> **Problem**
Bring together every line in the data that includes "螺栓钉类".

> **Records supplied**

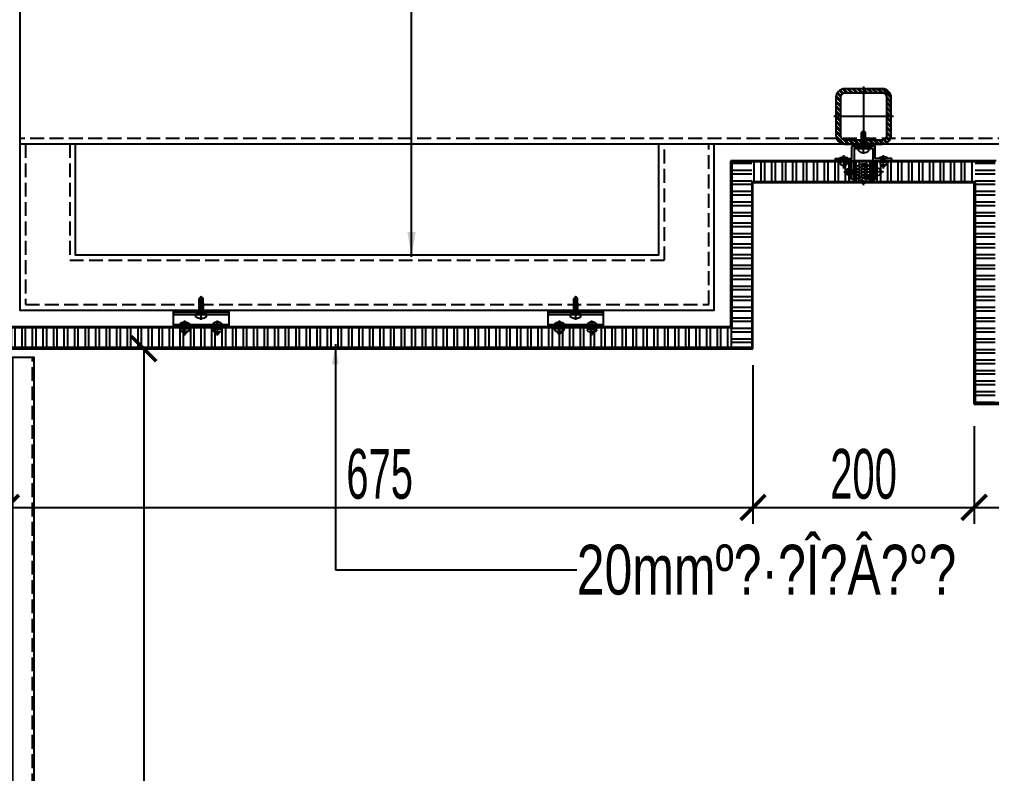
# Model space of a CAD drawing. Extents: x -8792 to 174344, y -43961 to 62816.
# Drawn here: x 95497 to 96376, y -9321 to -8639 of the extents above; entities that cross this region are included whole.
import ezdxf
from ezdxf.xclip import XClip

# ---------------------------------------------------------------- set-up
doc = ezdxf.new("R2010")
doc.units = 0
doc.header["$LTSCALE"] = 50
doc.header["$XCLIPFRAME"] = 0
for name, pattern in [('CENTER', [2, 1.25, -0.25, 0.25, -0.25]), ('CENTER2', [28.575, 19.05, -3.175, 3.175, -3.175]), ('DASH', [0.35, 0.25, -0.1]), ('DIVIDE', [1.25, 0.5, -0.25, 0, -0.25, 0, -0.25]), ('DOT2', [0.125, 0, -0.125]), ('HIDDEN', [0.375, 0.25, -0.125]), ('JIS_08_15', [17.25, 15, -0.75, 0.75, -0.75])]:
    doc.linetypes.add(name, pattern=pattern)
for name, color, linetype in [('#分隔线', 1, 'JIS_08_15'), ('#文字', 2, 'Continuous'), ('#标注', 1, 'Continuous'), ('#虚线', 8, 'HIDDEN'), ('#配件', 11, 'Continuous'), ('#铝型材', 3, 'Continuous'), ('#铝板', 2, 'Continuous'), ('-02SZ-GC', 25, 'Continuous'), ('-08SZ-TC', 8, 'Continuous'), ('-10SZ-ZX', 251, 'CENTER'), ('1 轴线 辅助线', 1, 'CENTER'), ('2-会议墙身$0$000-灯膜', 4, 'Continuous'), ('6 附件', 6, 'Continuous'), ('8 填充 焊缝', 8, 'Continuous'), ('A-FLOR-OTLN', 4, 'DOT2'), ('GASKET', 150, 'Continuous'), ('PJ', 4, 'Continuous'), ('TC', 251, 'Continuous'), ('WA', 34, 'Continuous'), ('XC', 3, 'Continuous'), ('中心线', 1, 'CENTER2'), ('其他', 4, 'Continuous'), ('吊顶', 7, 'Continuous'), ('螺栓钉类', 241, 'Continuous'), ('铝板', 2, 'Continuous')]:
    doc.layers.add(name, color=color, linetype=linetype)
doc.styles.add('JHZX', font='jrs.shx', dxfattribs={"width": 0.6, "bigfont": 'jhz.shx'})
doc.styles.add('文字1', font='jrs.shx', dxfattribs={"width": 0.7, "bigfont": 'hztxt.shx'})
doc.dimstyles.new('JZBZ-12', dxfattribs={"dimscale": 12, "dimtxt": 3, "dimasz": 1.5, "dimexe": 1, "dimexo": 1, "dimgap": 0.5, "dimtad": 1, "dimdec": 0, "dimdsep": 46, "dimtxsty": 'JHZX', "dimblk1": 'ARCHTICK', "dimblk2": 'ARCHTICK', "dimsah": 1, "dimcen": 0, "dimclrd": 1, "dimclre": 1, "dimclrt": 2, "dimadec": 3, "dimazin": 2, "dimtfac": 1, "dimtdec": 0, "dimtix": 1, "dimtmove": 0, "dimatfit": 3, "dimfxl": 0, "dimtolj": 1, "dimlwd": -1, "dimlwe": -1, "dimarcsym": 0})
doc.dimstyles.new('JZBZ-15', dxfattribs={"dimscale": 15, "dimtxt": 3, "dimasz": 1.5, "dimexe": 1, "dimexo": 1, "dimgap": 0.5, "dimtad": 1, "dimdec": 0, "dimdsep": 46, "dimtxsty": 'JHZX', "dimblk1": 'ARCHTICK', "dimblk2": 'ARCHTICK', "dimsah": 1, "dimcen": 0, "dimclrd": 1, "dimclre": 1, "dimclrt": 2, "dimadec": 3, "dimazin": 2, "dimtfac": 1, "dimtdec": 0, "dimtix": 1, "dimtmove": 0, "dimatfit": 3, "dimfxl": 0, "dimtolj": 1, "dimlwd": -1, "dimlwe": -1, "dimarcsym": 0})

# ---------------------------------------------------------------- blocks, each defined once
blk = doc.blocks.new('A$Cbd8d7c8c')
at = {"layer": 'A-FLOR-OTLN', "color": 8}
blk.add_lwpolyline([(-22721.25, -15689.87), (-43719.42, -33393.16, 0.413756), (-43991.61, -36560.98, 0.189672), (122158.17, -126683.04, 0.414786), (124666.02, -124719.49), (133885.17, -48361.88, 0.379931), (116453.25, -23207.95, 0.236452)], format="xyb", dxfattribs=at)
at = {"layer": '吊顶', "const_width": 3}
blk.add_lwpolyline([(36525.16, -42886.24, 0.056654), (31389.8, -41079.32), (30859.09, -40957.78, -0.112536), (21289.45, -36343.72, -0.028917), (3039.01, -19971.01, 0.413532), (-633.62, -19953.38), (-31397.94, -50352.84, 0.414781), (-31416.33, -54033.31, 0.170492), (123964.28, -129414.71, 0.412564), (126841.18, -127143.22), (136317.5, -48655.55, 1.269195), (87076.8, -54393.32)], format="xyb", dxfattribs=at)
blk = doc.blocks.new('*U329')
at = {"layer": '#分隔线', "ltscale": 0.3}
blk.add_line((-10.15, 0), (3.6, 0), dxfattribs=at)
at = {"layer": '#配件', "linetype": 'ByBlock'}
for p, q in [((-4.74, 4.58), (-6.3, 3.2)), ((-6.3, 3.2), (-6.3, 0)), ((-6.3, 0), (-6.3, -3.2)), ((-4.01, 3.76), (-4.74, 4.58)), ((-4.01, 3.76), (-4.01, -3.76)), ((-4.01, 2.5), (0, 2.5)), ((0, 4.78), (0, -4.78)), ((-6.3, -3.2), (-4.74, -4.58)), ((-4.74, -4.58), (-4.01, -3.76)), ((-4.01, -2.5), (0, -2.5))]:
    blk.add_line(p, q, dxfattribs=at)
for centre, radius, start, end in [((-6.78, 0), 1.75, 74.13042, 285.86958), ((-4.33, 0), 6.45, 312.19623, 47.80377), ((4.55, 0), 3.05, 149.43291, 210.56709)]:
    blk.add_arc(centre, radius, start, end, dxfattribs=at)
blk = doc.blocks.new('*U326')
at = {"layer": '中心线', "color": 1, "linetype": 'CENTER', "ltscale": 2.357948}
blk.add_line((0, -4.91), (0, 16.39), dxfattribs=at)
at = {"layer": '其他', "color": 4, "linetype": 'Continuous'}
for p, q in [((-2.4, 9.26), (-0.39, 9.55)), ((-1.79, 9.61), (-0.37, 9.88)), ((-1.79, 8.91), (0, 9.25)), ((0.23, 9.29), (1.79, 9.59)), ((0.34, 10.02), (1.79, 10.29)), ((0.48, 9.67), (2.4, 9.94)), ((-2.4, 7.66), (2.4, 8.34)), ((-2.4, 6.06), (2.4, 6.74)), ((-2.4, 4.46), (2.4, 5.14)), ((-2.4, 2.86), (2.4, 3.54)), ((-2.4, 1.26), (2.4, 1.94)), ((-1.87, 0), (1.79, 0.69)), ((-1.79, 8.01), (1.79, 8.69)), ((-1.79, 7.31), (1.79, 7.99)), ((-1.79, 6.41), (1.79, 7.09)), ((-1.79, 5.71), (1.79, 6.39)), ((-1.79, 4.81), (1.79, 5.49)), ((-1.79, 4.11), (1.79, 4.79)), ((-1.79, 3.21), (1.79, 3.89)), ((-1.79, 2.51), (1.79, 3.19)), ((-1.79, 1.61), (1.79, 2.29)), ((-1.79, 0.91), (1.79, 1.59)), ((0, 0), (2.4, 0.34))]:
    blk.add_line(p, q, dxfattribs=at)
at = {"layer": '螺栓钉类', "color": 241, "linetype": 'Continuous'}
for p, q in [((-2.4, 9.26), (-1.79, 9.61)), ((-2.4, 9.26), (-1.79, 8.91)), ((-0.3, 16), (-1.79, 14.51)), ((-1.79, 9.61), (-1.79, 14.51)), ((-1.79, 8.01), (-1.79, 8.91)), ((-0.37, 9.88), (0.3, 16)), ((0, 16), (-0.3, 16)), ((0, 16), (0.3, 16)), ((0.3, 16), (1.79, 14.51)), ((1.79, 10.29), (1.79, 14.51)), ((1.79, 10.29), (2.4, 9.94)), ((1.79, 9.59), (2.4, 9.94)), ((1.79, 8.69), (1.79, 9.59)), ((-4.75, -2.14), (-4.75, 0)), ((-4.75, 0), (-1.99, 0)), ((-2.4, 7.66), (-1.79, 8.01)), ((-2.4, 7.66), (-1.79, 7.31)), ((-2.4, 6.06), (-1.79, 6.41)), ((-2.4, 6.06), (-1.79, 5.71)), ((-2.4, 4.46), (-1.79, 4.81)), ((-2.4, 4.46), (-1.79, 4.11)), ((-2.4, 2.86), (-1.79, 3.21)), ((-2.4, 2.86), (-1.79, 2.51)), ((-2.4, 1.26), (-1.79, 1.61)), ((-2.4, 1.26), (-1.79, 0.91)), ((-1.99, 0), (2.6, 0)), ((-1.79, 6.41), (-1.79, 7.31)), ((-1.79, 4.81), (-1.79, 5.71)), ((-1.79, 3.21), (-1.79, 4.11)), ((-1.79, 1.61), (-1.79, 2.51)), ((-1.79, 0.2), (-1.79, 0.91)), ((1.79, 8.69), (2.4, 8.34)), ((1.79, 7.99), (2.4, 8.34)), ((1.79, 7.09), (1.79, 7.99)), ((1.79, 7.09), (2.4, 6.74)), ((1.79, 6.39), (2.4, 6.74)), ((1.79, 5.49), (1.79, 6.39)), ((1.79, 5.49), (2.4, 5.14)), ((1.79, 4.79), (2.4, 5.14)), ((1.79, 3.89), (1.79, 4.79)), ((1.79, 3.89), (2.4, 3.54)), ((1.79, 3.19), (2.4, 3.54)), ((1.79, 2.29), (1.79, 3.19)), ((1.79, 2.29), (2.4, 1.94)), ((1.79, 1.59), (2.4, 1.94)), ((1.79, 0.69), (1.79, 1.59)), ((1.79, 0.69), (2.4, 0.34)), ((2.4, 0.2), (2.4, 0.34)), ((2.6, 0), (4.75, 0)), ((-0.4, -3.3), (0.4, -3.3)), ((-0.4, -3.69), (-0.4, -3.3)), ((0.4, -3.69), (0.4, -3.3)), ((4.75, -2.14), (4.75, 0))]:
    blk.add_line(p, q, dxfattribs=at)
for centre, radius, start, end in [((-3.34, 18.9), 4.65, 289.46799, 321.50356), ((0.04, 9.69), 0.447, 154.93277, 46.40998), ((-1.99, 0.2), 0.2, 270, 0), ((2.6, 0.2), 0.2, 180, 270), ((0, 4.3), 8, 233.57643, 267.13402), ((0, 4.3), 8, 272.86598, 306.42357)]:
    blk.add_arc(centre, radius, start, end, dxfattribs=at)
blk = doc.blocks.new('A$C11e1ca40')
at = {"layer": 'GASKET'}
h = blk.add_hatch(dxfattribs=at)
h.set_pattern_fill('ANSI33', color=256, scale=0.5, double=1)
h.set_pattern_definition([(45, (-13726.6846, -3571.859), (-2.245064, 2.245064), []), (45, (-13724.4395, -3571.859), (-2.245064, 2.245064), [1.5875, -0.79375])])
h.paths.add_polyline_path([(-25, -2), (25, -2), (25, 0), (-25, 0)])
blk.add_lwpolyline([(-25, -2), (25, -2), (25, 0), (-25, 0), (-25, -2)], dxfattribs=at)
at = {"layer": 'XC'}
for points in [[(-25, -15), (25, -15), (25, -2), (-25, -2)], [(25, -4), (-25, -4), (-25, -2), (25, -2)]]:
    blk.add_lwpolyline(points, close=True, dxfattribs=at)
for points in [[(25, -4), (-25, -4)], [(25, -13), (-25, -13)]]:
    blk.add_lwpolyline(points, dxfattribs=at)
at = {"layer": '6 附件', "xscale": -1, "rotation": 270}
blk.add_blockref('*U329', (-14.72, -13), dxfattribs=at)
at = {"layer": '6 附件', "rotation": 90}
blk.add_blockref('*U329', (14.72, -13), dxfattribs=at)
at = {"layer": '螺栓钉类'}
blk.add_blockref('*U326', (0, -4, 0), dxfattribs=at)
blk = doc.blocks.new('jfdm')
h = blk.add_hatch()
h.set_pattern_fill('HONEY', color=0, scale=0.5, style=0)
h.set_pattern_definition([(0, (3e-15, -1.231), (2.38125, 1.374815), [1.5875, -3.175]), (120, (3e-15, -1.231), (-2.38125, 1.374815), [1.5875, -3.175]), (60, (3e-15, -1.231), (3e-07, 2.74963), [-3.175, 1.5875])])
edge = h.paths.add_edge_path()
edge.add_ellipse((7.5, 13.77), major_axis=(0, -7.7), ratio=0.974135, start_angle=0, end_angle=360)
h = blk.add_hatch()
h.set_pattern_fill('ANSI33', color=0, scale=0.5, style=0)
edge = h.paths.add_edge_path()
edge.add_line((7.58, 6.07), (7.5, 6.07))
edge.add_line((7.5, 6.07), (7.38, 6.07))
edge.add_line((7.38, 6.07), (7.26, 6.08))
edge.add_line((7.26, 6.08), (7.14, 6.08))
edge.add_line((7.14, 6.08), (7.02, 6.09))
edge.add_line((7.02, 6.09), (6.9, 6.1))
edge.add_line((6.9, 6.1), (6.78, 6.11))
edge.add_line((6.78, 6.11), (6.66, 6.12))
edge.add_line((6.66, 6.12), (6.55, 6.13))
edge.add_line((6.55, 6.13), (6.43, 6.15))
edge.add_line((6.43, 6.15), (6.31, 6.17))
edge.add_line((6.31, 6.17), (6.19, 6.19))
edge.add_line((6.19, 6.19), (6.07, 6.21))
edge.add_line((6.07, 6.21), (5.96, 6.24))
edge.add_line((5.96, 6.24), (5.84, 6.26))
edge.add_line((5.84, 6.26), (5.72, 6.29))
edge.add_line((5.72, 6.29), (5.61, 6.32))
edge.add_line((5.61, 6.32), (5.49, 6.35))
edge.add_line((5.49, 6.35), (5.38, 6.39))
edge.add_line((5.38, 6.39), (5.26, 6.42))
edge.add_line((5.26, 6.42), (5.15, 6.46))
edge.add_line((5.15, 6.46), (5.04, 6.5))
edge.add_line((5.04, 6.5), (4.92, 6.54))
edge.add_line((4.92, 6.54), (4.81, 6.58))
edge.add_line((4.81, 6.58), (4.7, 6.63))
edge.add_line((4.7, 6.63), (4.59, 6.68))
edge.add_line((4.59, 6.68), (4.48, 6.72))
edge.add_line((4.48, 6.72), (4.37, 6.77))
edge.add_line((4.37, 6.77), (4.26, 6.83))
edge.add_line((4.26, 6.83), (4.15, 6.88))
edge.add_line((4.15, 6.88), (4.05, 6.94))
edge.add_line((4.05, 6.94), (3.94, 6.99))
edge.add_line((3.94, 6.99), (3.84, 7.05))
edge.add_line((3.84, 7.05), (3.73, 7.11))
edge.add_line((3.73, 7.11), (3.63, 7.18))
edge.add_line((3.63, 7.18), (3.53, 7.24))
edge.add_line((3.53, 7.24), (3.43, 7.31))
edge.add_line((3.43, 7.31), (3.33, 7.37))
edge.add_line((3.33, 7.37), (3.23, 7.44))
edge.add_line((3.23, 7.44), (3.13, 7.51))
edge.add_line((3.13, 7.51), (3.03, 7.59))
edge.add_line((3.03, 7.59), (2.94, 7.66))
edge.add_line((2.94, 7.66), (2.84, 7.73))
edge.add_line((2.84, 7.73), (2.75, 7.81))
edge.add_line((2.75, 7.81), (2.66, 7.89))
edge.add_line((2.66, 7.89), (2.57, 7.97))
edge.add_line((2.57, 7.97), (2.48, 8.05))
edge.add_line((2.48, 8.05), (2.39, 8.13))
edge.add_line((2.39, 8.13), (2.3, 8.22))
edge.add_line((2.3, 8.22), (2.22, 8.3))
edge.add_line((2.22, 8.3), (2.13, 8.39))
edge.add_line((2.13, 8.39), (2.05, 8.48))
edge.add_line((2.05, 8.48), (1.97, 8.57))
edge.add_line((1.97, 8.57), (1.89, 8.66))
edge.add_line((1.89, 8.66), (1.81, 8.75))
edge.add_line((1.81, 8.75), (1.73, 8.85))
edge.add_line((1.73, 8.85), (1.66, 8.94))
edge.add_line((1.66, 8.94), (1.58, 9.04))
edge.add_line((1.58, 9.04), (1.51, 9.14))
edge.add_line((1.51, 9.14), (1.44, 9.24))
edge.add_line((1.44, 9.24), (1.37, 9.33))
edge.add_line((1.37, 9.33), (1.3, 9.44))
edge.add_line((1.3, 9.44), (1.24, 9.54))
edge.add_line((1.24, 9.54), (1.17, 9.64))
edge.add_line((1.17, 9.64), (1.11, 9.75))
edge.add_line((1.11, 9.75), (1.05, 9.85))
edge.add_line((1.05, 9.85), (0.98, 9.96))
edge.add_line((0.98, 9.96), (0.93, 10.06))
edge.add_line((0.93, 10.06), (0.87, 10.17))
edge.add_line((0.87, 10.17), (0.81, 10.28))
edge.add_line((0.81, 10.28), (0.76, 10.39))
edge.add_line((0.76, 10.39), (0.71, 10.5))
edge.add_line((0.71, 10.5), (0.66, 10.61))
edge.add_line((0.66, 10.61), (0.61, 10.73))
edge.add_line((0.61, 10.73), (0.57, 10.84))
edge.add_line((0.57, 10.84), (0.52, 10.95))
edge.add_line((0.52, 10.95), (0.48, 11.07))
edge.add_line((0.48, 11.07), (0.44, 11.18))
edge.add_line((0.44, 11.18), (0.4, 11.3))
edge.add_line((0.4, 11.3), (0.36, 11.41))
edge.add_line((0.36, 11.41), (0.32, 11.53))
edge.add_line((0.32, 11.53), (0.29, 11.65))
edge.add_line((0.29, 11.65), (0.26, 11.77))
edge.add_line((0.26, 11.77), (0.23, 11.89))
edge.add_line((0.23, 11.89), (0.2, 12.01))
edge.add_line((0.2, 12.01), (0.17, 12.13))
edge.add_line((0.17, 12.13), (0.15, 12.25))
edge.add_line((0.15, 12.25), (0.13, 12.37))
edge.add_line((0.13, 12.37), (0.1, 12.49))
edge.add_line((0.1, 12.49), (0.09, 12.61))
edge.add_line((0.09, 12.61), (0.07, 12.73))
edge.add_line((0.07, 12.73), (0.05, 12.85))
edge.add_line((0.05, 12.85), (0.04, 12.97))
edge.add_line((0.04, 12.97), (0.03, 13.1))
edge.add_line((0.03, 13.1), (0.02, 13.22))
edge.add_line((0.02, 13.22), (0.01, 13.34))
edge.add_line((0.01, 13.34), (0.01, 13.46))
edge.add_line((0.01, 13.46), (0, 13.59))
edge.add_line((0, 13.59), (0, 13.71))
edge.add_line((0, 13.71), (0, 13.77))
edge.add_line((0, 13.77), (0, 13.77))
edge.add_line((0, 13.77), (0, 0))
edge.add_arc((7.5, -17.11), 18.68, 66.33274, 113.66726, ccw=False)
edge.add_line((15, 0), (15, 13.77))
edge.add_line((15, 13.77), (15, 13.69))
edge.add_line((15, 13.69), (15, 13.62))
edge.add_line((15, 13.62), (15, 13.54))
edge.add_line((15, 13.54), (14.99, 13.46))
edge.add_line((14.99, 13.46), (14.99, 13.38))
edge.add_line((14.99, 13.38), (14.99, 13.31))
edge.add_line((14.99, 13.31), (14.98, 13.23))
edge.add_line((14.98, 13.23), (14.98, 13.15))
edge.add_line((14.98, 13.15), (14.97, 13.07))
edge.add_line((14.97, 13.07), (14.96, 13))
edge.add_line((14.96, 13), (14.95, 12.92))
edge.add_line((14.95, 12.92), (14.95, 12.84))
edge.add_line((14.95, 12.84), (14.94, 12.77))
edge.add_line((14.94, 12.77), (14.93, 12.69))
edge.add_line((14.93, 12.69), (14.91, 12.61))
edge.add_line((14.91, 12.61), (14.9, 12.54))
edge.add_line((14.9, 12.54), (14.89, 12.46))
edge.add_line((14.89, 12.46), (14.88, 12.38))
edge.add_line((14.88, 12.38), (14.86, 12.31))
edge.add_line((14.86, 12.31), (14.85, 12.23))
edge.add_line((14.85, 12.23), (14.83, 12.15))
edge.add_line((14.83, 12.15), (14.82, 12.08))
edge.add_line((14.82, 12.08), (14.8, 12))
edge.add_line((14.8, 12), (14.78, 11.93))
edge.add_line((14.78, 11.93), (14.76, 11.85))
edge.add_line((14.76, 11.85), (14.74, 11.78))
edge.add_line((14.74, 11.78), (14.72, 11.7))
edge.add_line((14.72, 11.7), (14.7, 11.63))
edge.add_line((14.7, 11.63), (14.68, 11.55))
edge.add_line((14.68, 11.55), (14.66, 11.48))
edge.add_line((14.66, 11.48), (14.64, 11.41))
edge.add_line((14.64, 11.41), (14.61, 11.33))
edge.add_line((14.61, 11.33), (14.59, 11.26))
edge.add_line((14.59, 11.26), (14.56, 11.19))
edge.add_line((14.56, 11.19), (14.54, 11.11))
edge.add_line((14.54, 11.11), (14.51, 11.04))
edge.add_line((14.51, 11.04), (14.49, 10.97))
edge.add_line((14.49, 10.97), (14.46, 10.9))
edge.add_line((14.46, 10.9), (14.43, 10.82))
edge.add_line((14.43, 10.82), (14.4, 10.75))
edge.add_line((14.4, 10.75), (14.37, 10.68))
edge.add_line((14.37, 10.68), (14.34, 10.61))
edge.add_line((14.34, 10.61), (14.31, 10.54))
edge.add_line((14.31, 10.54), (14.28, 10.47))
edge.add_line((14.28, 10.47), (14.24, 10.4))
edge.add_line((14.24, 10.4), (14.21, 10.33))
edge.add_line((14.21, 10.33), (14.18, 10.26))
edge.add_line((14.18, 10.26), (14.14, 10.19))
edge.add_line((14.14, 10.19), (14.11, 10.12))
edge.add_line((14.11, 10.12), (14.07, 10.06))
edge.add_line((14.07, 10.06), (14.03, 9.99))
edge.add_line((14.03, 9.99), (14, 9.92))
edge.add_line((14, 9.92), (13.96, 9.85))
edge.add_line((13.96, 9.85), (13.92, 9.79))
edge.add_line((13.92, 9.79), (13.88, 9.72))
edge.add_line((13.88, 9.72), (13.84, 9.66))
edge.add_line((13.84, 9.66), (13.8, 9.59))
edge.add_line((13.8, 9.59), (13.76, 9.53))
edge.add_line((13.76, 9.53), (13.71, 9.46))
edge.add_line((13.71, 9.46), (13.67, 9.4))
edge.add_line((13.67, 9.4), (13.63, 9.33))
edge.add_line((13.63, 9.33), (13.59, 9.27))
edge.add_line((13.59, 9.27), (13.54, 9.21))
edge.add_line((13.54, 9.21), (13.5, 9.15))
edge.add_line((13.5, 9.15), (13.45, 9.08))
edge.add_line((13.45, 9.08), (13.4, 9.02))
edge.add_line((13.4, 9.02), (13.36, 8.96))
edge.add_line((13.36, 8.96), (13.31, 8.9))
edge.add_line((13.31, 8.9), (13.26, 8.84))
edge.add_line((13.26, 8.84), (13.21, 8.78))
edge.add_line((13.21, 8.78), (13.16, 8.72))
edge.add_line((13.16, 8.72), (13.11, 8.67))
edge.add_line((13.11, 8.67), (13.06, 8.61))
edge.add_line((13.06, 8.61), (13.01, 8.55))
edge.add_line((13.01, 8.55), (12.96, 8.49))
edge.add_line((12.96, 8.49), (12.91, 8.44))
edge.add_line((12.91, 8.44), (12.86, 8.38))
edge.add_line((12.86, 8.38), (12.8, 8.33))
edge.add_line((12.8, 8.33), (12.75, 8.27))
edge.add_line((12.75, 8.27), (12.7, 8.22))
edge.add_line((12.7, 8.22), (12.64, 8.16))
edge.add_line((12.64, 8.16), (12.59, 8.11))
edge.add_line((12.59, 8.11), (12.53, 8.06))
edge.add_line((12.53, 8.06), (12.47, 8.01))
edge.add_line((12.47, 8.01), (12.42, 7.96))
edge.add_line((12.42, 7.96), (12.36, 7.91))
edge.add_line((12.36, 7.91), (12.3, 7.86))
edge.add_line((12.3, 7.86), (12.24, 7.81))
edge.add_line((12.24, 7.81), (12.18, 7.76))
edge.add_line((12.18, 7.76), (12.13, 7.71))
edge.add_line((12.13, 7.71), (12.07, 7.66))
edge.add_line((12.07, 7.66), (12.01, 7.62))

> **Answer area**
for name, color, linetype in [('#分隔线', 1, 'JIS_08_15'), ('#文字', 2, 'Continuous'), ('#标注', 1, 'Continuous'), ('#虚线', 8, 'HIDDEN'), ('#配件', 11, 'Continuous'), ('#铝型材', 3, 'Continuous'), ('#铝板', 2, 'Continuous'), ('-02SZ-GC', 25, 'Continuous'), ('-08SZ-TC', 8, 'Continuous'), ('-10SZ-ZX', 251, 'CENTER'), ('1 轴线 辅助线', 1, 'CENTER'), ('2-会议墙身$0$000-灯膜', 4, 'Continuous'), ('6 附件', 6, 'Continuous'), ('8 填充 焊缝', 8, 'Continuous'), ('A-FLOR-OTLN', 4, 'DOT2'), ('GASKET', 150, 'Continuous'), ('PJ', 4, 'Continuous'), ('TC', 251, 'Continuous'), ('WA', 34, 'Continuous'), ('XC', 3, 'Continuous'), ('中心线', 1, 'CENTER2'), ('其他', 4, 'Continuous'), ('吊顶', 7, 'Continuous'), ('螺栓钉类', 241, 'Continuous'), ('铝板', 2, 'Continuous')]:
at = {"layer": '螺栓钉类', "color": 241, "linetype": 'Continuous'}
at = {"layer": '螺栓钉类'}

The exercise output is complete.